When he opened his practice, there were even fewer resources available to doctors about the DPC model than there are today, despite the fact that DPC numbers were and are growing. In fact, a few years ago at a conference for regional health care providers, a number of New England physicians in attendance who were interested in learning more about DPC held their own informal “un-conference” to share what they knew about DPC. The meeting spawned the New England Direct Primary Care Alliance (NEDPCA). The revolution had begun.

A Slow Tsunami

As far as revolutions go, this one is pretty snail-like. After all, we’re talking about changing the culture of health care one physician and one patient at a time. “It’s a slow tsunami,” says Jeffrey Gold, MD, of Marblehead, Massachusetts, another DPC physician who attended the original un-conference and became—along with Dr. Kropp—a founder of the NEDPCA. Nationwide, the number of DPC practices have gone from 500 to 1,000 in two years.

Twenty-five states have passed legislation defining and legitimizing DPC practices. There is currently a similar bill in committee in the New Hampshire legislature. The legislation—titled HB 508—declares that primary care doctors providing direct primary care under a primary care agreement (DPC models) are not subjected to insurance laws in the state. Basically, this codifies DPC models and eases their availability to patients as long as they meet certain criteria. As of press time, the bill passed the House and Senate and is under consideration by Governor Chris Sununu.

“I would just like for the DPC model to be a well-understood model,” says Dr. Kropp, who also sees DPC as a positive alternative for businesses that provide health care benefits.

However, in an insurance-dominated system, many people get frightened off by a practice that doesn’t work with insurance. “DPC can coexist with insurance,” he explains. You wouldn’t use your auto insurance to pay for an oil change. Rather, you use insurance when your car gets totaled. Dr. Kropp suggests DPC combined with a larger deductible (and therefore less-expensive) policy for catastrophic injury or illness could make for a good mix.

“I’m not competing with insurance,” he says. Also, he points out preventative care is an investment against more expensive treatment for a preventable illness. “For every dollar you invest in primary care,” he says, “you save $15 later.”

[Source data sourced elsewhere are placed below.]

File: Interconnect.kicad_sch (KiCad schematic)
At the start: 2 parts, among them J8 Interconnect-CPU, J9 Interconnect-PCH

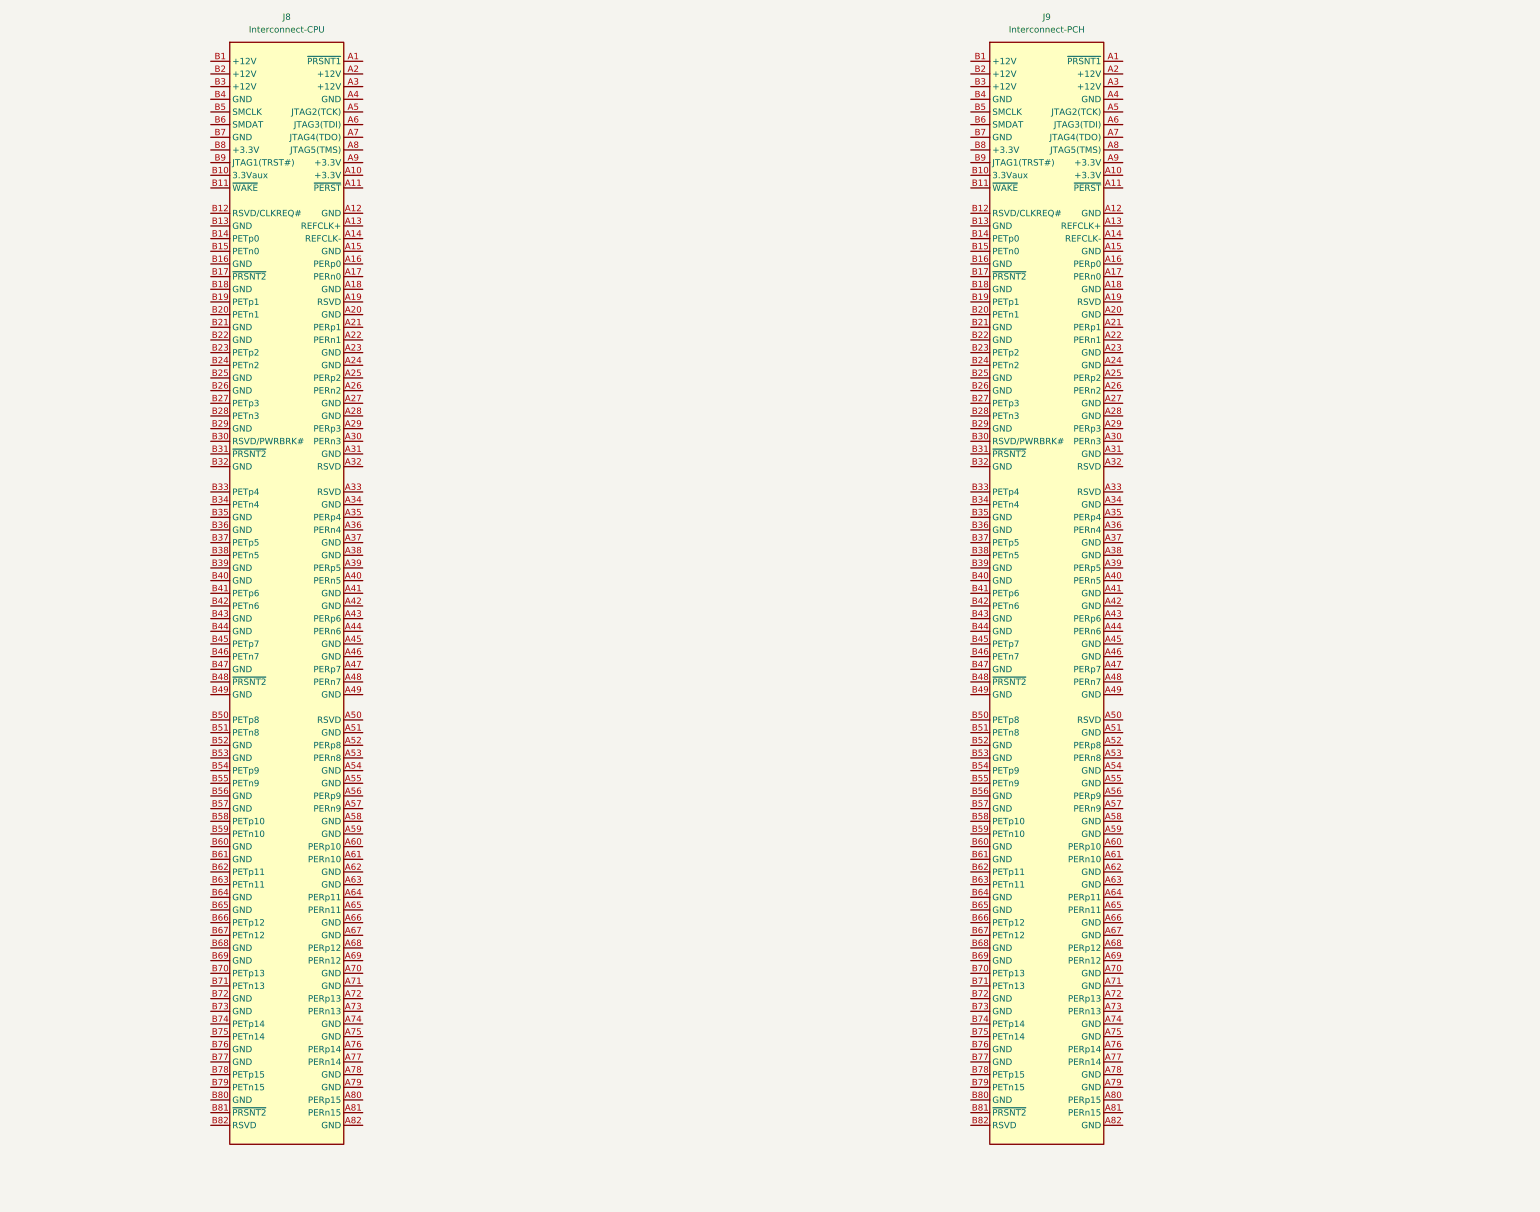
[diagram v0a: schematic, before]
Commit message: Added interconnect between CPU and PCH boards and added ATX board outline
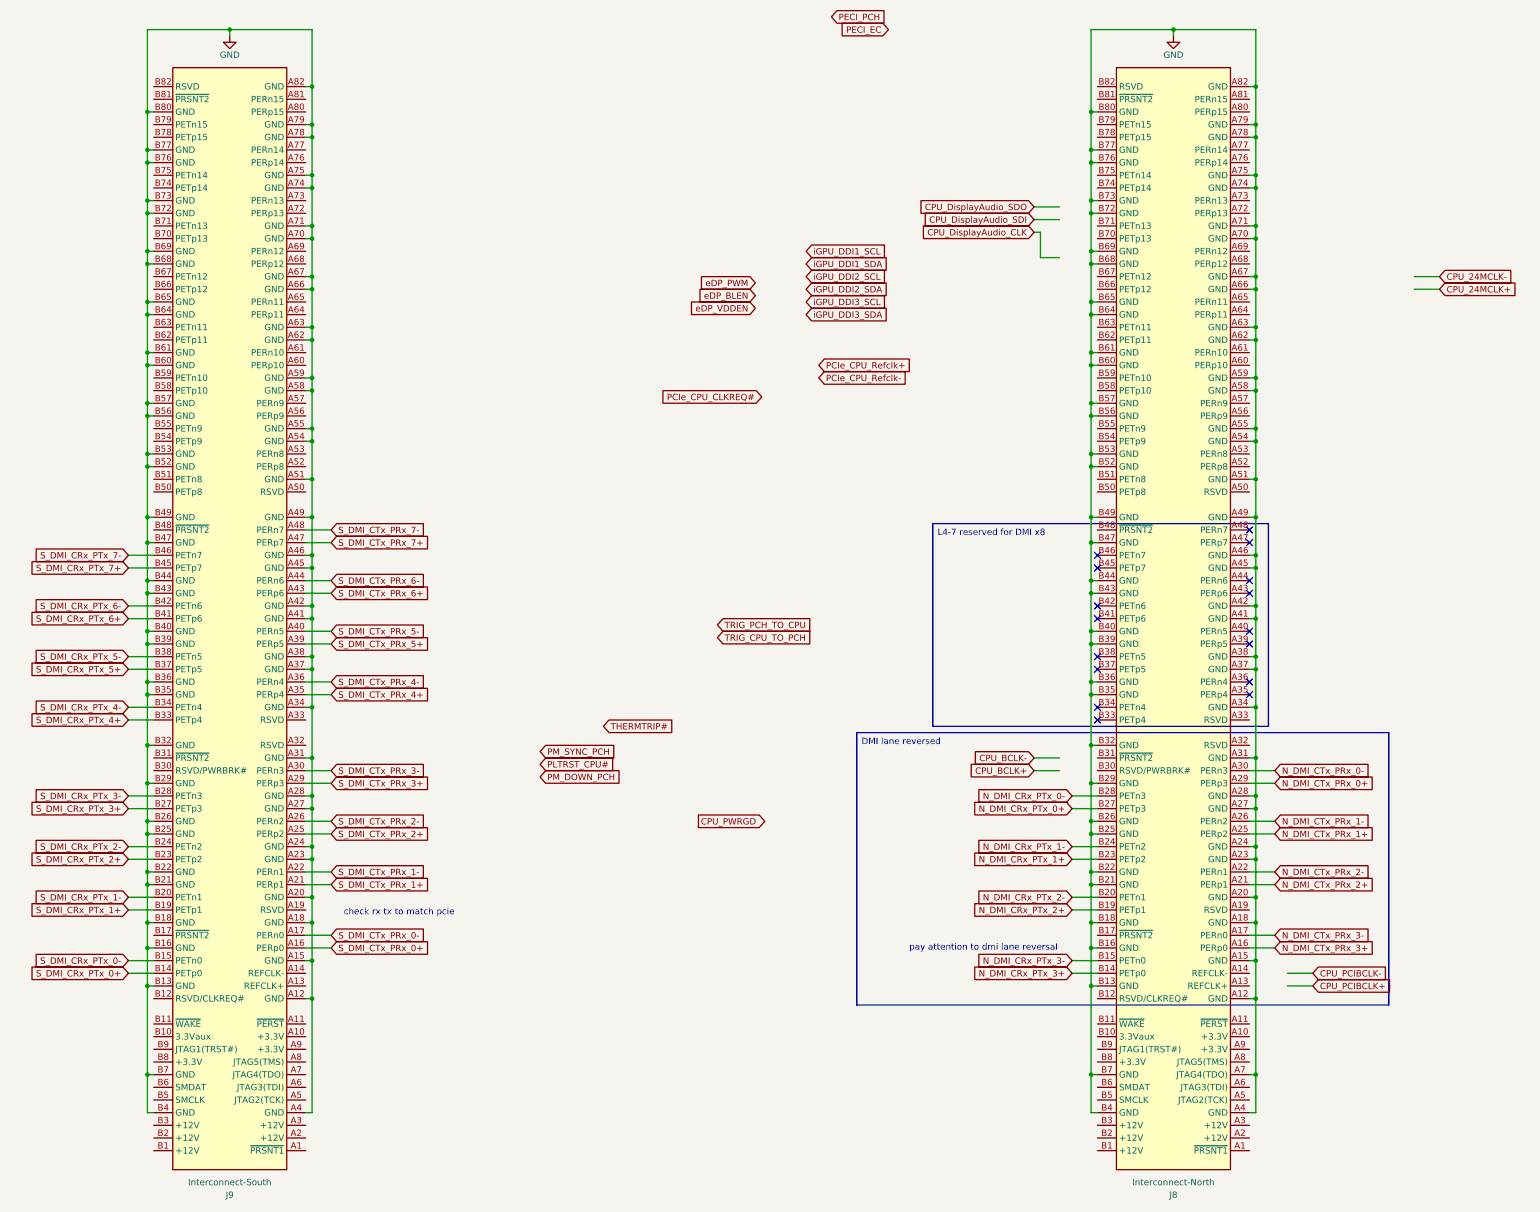
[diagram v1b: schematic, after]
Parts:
- J8: value Interconnect-CPU -> Interconnect-North; footprint Connector_PCBEdge:BUS_PCIexpress_x16 -> A-my-stuff:PCIe_x16_straddlemount
- J9: value Interconnect-PCH -> Interconnect-South
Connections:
- net GND: now reaches J9.A12 (GND)
- net GND: now also J8.A12 (GND), J8.A15 (GND), J8.A18 (GND), J8.A20 (GND), J8.A23 (GND), J8.A24 (GND), J8.A27 (GND), J8.A28 (GND), J8.A31 (GND), J8.A34 (GND), J8.A37 (GND), J8.A38 (GND), J8.A4 (GND), J8.A41 (GND), J8.A42 (GND), J8.A45 (GND), J8.A46 (GND), J8.A49 (GND), J8.A51 (GND), J8.A54 (GND), J8.A55 (GND), J8.A58 (GND), J8.A59 (GND), J8.A62 (GND), J8.A63 (GND), J8.A66 (GND), J8.A67 (GND), J8.A7 (JTAG4(TDO)), J8.A70 (GND), J8.A71 (GND), J8.A74 (GND), J8.A75 (GND), J8.A78 (GND), J8.A79 (GND), J8.A82 (GND), J8.B13 (GND), J8.B16 (GND), J8.B18 (GND), J8.B21 (GND), J8.B22 (GND), J8.B25 (GND), J8.B26 (GND), J8.B29 (GND), J8.B32 (GND), J8.B35 (GND), J8.B36 (GND), J8.B39 (GND), J8.B4 (GND), J8.B40 (GND), J8.B43 (GND), J8.B44 (GND), J8.B47 (GND), J8.B49 (GND), J8.B52 (GND), J8.B53 (GND), J8.B56 (GND), J8.B57 (GND), J8.B60 (GND), J8.B61 (GND), J8.B64 (GND), J8.B65 (GND), J8.B68 (GND), J8.B69 (GND), J8.B7 (GND), J8.B72 (GND), J8.B73 (GND), J8.B76 (GND), J8.B77 (GND), J8.B80 (GND), J9.A15 (GND), J9.A18 (GND), J9.A20 (GND), J9.A23 (GND), J9.A24 (GND), J9.A27 (GND), J9.A28 (GND), J9.A31 (GND), J9.A34 (GND), J9.A37 (GND), J9.A38 (GND), J9.A4 (GND), J9.A41 (GND), J9.A42 (GND), J9.A45 (GND), J9.A46 (GND), J9.A49 (GND), J9.A51 (GND), J9.A54 (GND), J9.A55 (GND), J9.A58 (GND), J9.A59 (GND), J9.A62 (GND), J9.A63 (GND), J9.A66 (GND), J9.A67 (GND), J9.A70 (GND), J9.A71 (GND), J9.A74 (GND), J9.A75 (GND), J9.A78 (GND), J9.A79 (GND), J9.A82 (GND), J9.B13 (GND), J9.B16 (GND), J9.B18 (GND), J9.B21 (GND), J9.B22 (GND), J9.B25 (GND), J9.B26 (GND), J9.B29 (GND), J9.B32 (GND), J9.B35 (GND), J9.B36 (GND), J9.B39 (GND), J9.B4 (GND), J9.B40 (GND), J9.B43 (GND), J9.B44 (GND), J9.B47 (GND), J9.B49 (GND), J9.B52 (GND), J9.B53 (GND), J9.B56 (GND), J9.B57 (GND), J9.B60 (GND), J9.B61 (GND), J9.B64 (GND), J9.B65 (GND), J9.B68 (GND), J9.B69 (GND), J9.B7 (GND), J9.B72 (GND), J9.B73 (GND), J9.B76 (GND), J9.B77 (GND), J9.B80 (GND)
- net S_DMI_CTx_PRx_0+: now reaches J9.A16 (PERp0)
- net S_DMI_CTx_PRx_0-: now reaches J9.A17 (PERn0)
- net S_DMI_CTx_PRx_1+: now reaches J9.A21 (PERp1)
- net S_DMI_CTx_PRx_1-: now reaches J9.A22 (PERn1)
- net S_DMI_CTx_PRx_2+: now reaches J9.A25 (PERp2)
- net S_DMI_CTx_PRx_2-: now reaches J9.A26 (PERn2)
- net S_DMI_CTx_PRx_3+: now reaches J9.A29 (PERp3)
- net S_DMI_CTx_PRx_3-: now reaches J9.A30 (PERn3)
- net S_DMI_CTx_PRx_4+: now reaches J9.A35 (PERp4)
- net S_DMI_CTx_PRx_4-: now reaches J9.A36 (PERn4)
- net S_DMI_CTx_PRx_5+: now reaches J9.A39 (PERp5)
- net S_DMI_CTx_PRx_5-: now reaches J9.A40 (PERn5)
- net S_DMI_CTx_PRx_6+: now reaches J9.A43 (PERp6)
- net S_DMI_CTx_PRx_6-: now reaches J9.A44 (PERn6)
- net S_DMI_CTx_PRx_7+: now reaches J9.A47 (PERp7)
- net S_DMI_CTx_PRx_7-: now reaches J9.A48 (PERn7)
- net S_DMI_CRx_PTx_0+: now reaches J9.B14 (PETp0)
- net S_DMI_CRx_PTx_0-: now reaches J9.B15 (PETn0)
- net S_DMI_CRx_PTx_1+: now reaches J9.B19 (PETp1)
- net S_DMI_CRx_PTx_1-: now reaches J9.B20 (PETn1)
- net S_DMI_CRx_PTx_2+: now reaches J9.B23 (PETp2)
- net S_DMI_CRx_PTx_2-: now reaches J9.B24 (PETn2)
- net S_DMI_CRx_PTx_3+: now reaches J9.B27 (PETp3)
- net S_DMI_CRx_PTx_3-: now reaches J9.B28 (PETn3)
- net S_DMI_CRx_PTx_4+: now reaches J9.B33 (PETp4)
- net S_DMI_CRx_PTx_4-: now reaches J9.B34 (PETn4)
- net S_DMI_CRx_PTx_5+: now reaches J9.B37 (PETp5)
- net S_DMI_CRx_PTx_5-: now reaches J9.B38 (PETn5)
- net S_DMI_CRx_PTx_6+: now reaches J9.B41 (PETp6)
- net S_DMI_CRx_PTx_6-: now reaches J9.B42 (PETn6)
- net S_DMI_CRx_PTx_7+: now reaches J9.B45 (PETp7)
- net S_DMI_CRx_PTx_7-: now reaches J9.B46 (PETn7)
- net N_DMI_CTx_PRx_3+: now reaches J8.A16 (PERp0)
- net N_DMI_CTx_PRx_3-: now reaches J8.A17 (PERn0)
- net N_DMI_CTx_PRx_2+: now reaches J8.A21 (PERp1)
- net N_DMI_CTx_PRx_2-: now reaches J8.A22 (PERn1)
- net N_DMI_CTx_PRx_1+: now reaches J8.A25 (PERp2)
- net N_DMI_CTx_PRx_1-: now reaches J8.A26 (PERn2)
- net N_DMI_CTx_PRx_0+: now reaches J8.A29 (PERp3)
- net N_DMI_CTx_PRx_0-: now reaches J8.A30 (PERn3)
- net N_DMI_CRx_PTx_3+: now reaches J8.B14 (PETp0)
- net N_DMI_CRx_PTx_3-: now reaches J8.B15 (PETn0)
- net N_DMI_CRx_PTx_2+: now reaches J8.B19 (PETp1)
- net N_DMI_CRx_PTx_2-: now reaches J8.B20 (PETn1)
- net N_DMI_CRx_PTx_1+: now reaches J8.B23 (PETp2)
- net N_DMI_CRx_PTx_1-: now reaches J8.B24 (PETn2)
- net N_DMI_CRx_PTx_0+: now reaches J8.B27 (PETp3)
- net N_DMI_CRx_PTx_0-: now reaches J8.B28 (PETn3)
- no-connect marks 0 -> 16
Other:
- note added: "check rx tx to match pcie"
- note added: "pay attention to dmi lane reversal"
- moved on the sheet: J8, J9

“I’d like to work with insurers,” says Dr. Gold. “Not for them.”

A revolution is happening at a small, single-doctor practice in Concord, New Hampshire, and at similar practices across the country. History is being made, and giants are being challenged.

“How do we get people to realize that change doesn’t happen at the top?” Dr. Kropp asks. Change starts at the bottom, he says, where people who are just as important as those at the top make one decision at a time to do the right thing.

“We’re trying to make health care about the patients, not the rule makers,” says Dr. Gold. And in the end, when you make that 3am phone call to your primary, who’s going to take care of you—your senator? The CEO of an insurance company? “Of course not,” says Dr. Gold. Your doctor is.